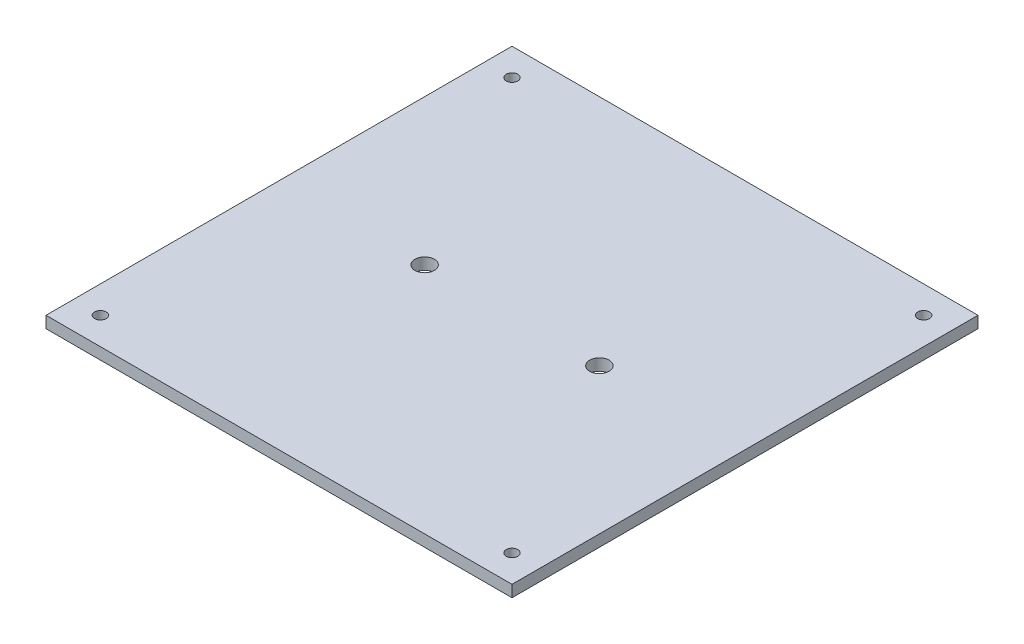
from build123d import *

# Parameters (mm, degrees)
SKETCH1_W           = 120
SKETCH1_H           = 120
BOSS_EXTRUDE1_DEPTH = 3
SKETCH4_R           = 2.5
CUT_EXTRUDE2_DEPTH  = 3
SKETCH7_R           = 1.5
CUT_EXTRUDE3_DEPTH  = 3


with BuildPart() as part:
    # Sketch1 → Boss-Extrude1 (new body)
    with BuildSketch(Plane(origin=(0, 0, 0), x_dir=(1, 0, 0), z_dir=(0, 1, 0))):
        Rectangle(SKETCH1_W, SKETCH1_H)
    extrude(amount=BOSS_EXTRUDE1_DEPTH)

    # Sketch4 → Cut-Extrude2 (cut)
    with BuildSketch(Plane(origin=(0, 0, 0), x_dir=(1, 0, 0), z_dir=(0, 1, 0))):
        with Locations((-22.5, 0)):
            Circle(SKETCH4_R)
        with Locations((22.5, 0)):
            Circle(SKETCH4_R)
    extrude(amount=CUT_EXTRUDE2_DEPTH, mode=Mode.SUBTRACT)

    # Sketch7 → Cut-Extrude3 (cut)
    with BuildSketch(Plane(origin=(0, 0, 0), x_dir=(1, 0, 0), z_dir=(0, 1, 0))):
        with Locations((-53, 53)):
            Circle(SKETCH7_R)
        with Locations((53, 53)):
            Circle(SKETCH7_R)
        with Locations((-53, -53)):
            Circle(SKETCH7_R)
        with Locations((53, -53)):
            Circle(SKETCH7_R)
    extrude(amount=CUT_EXTRUDE3_DEPTH, mode=Mode.SUBTRACT)


solid = part.part

● ● ● ● ●

#### What you have to do
Look over the data above and show each line that contains "SUBTRACT".

#### Reply to the task
    extrude(amount=CUT_EXTRUDE2_DEPTH, mode=Mode.SUBTRACT)
    extrude(amount=CUT_EXTRUDE3_DEPTH, mode=Mode.SUBTRACT)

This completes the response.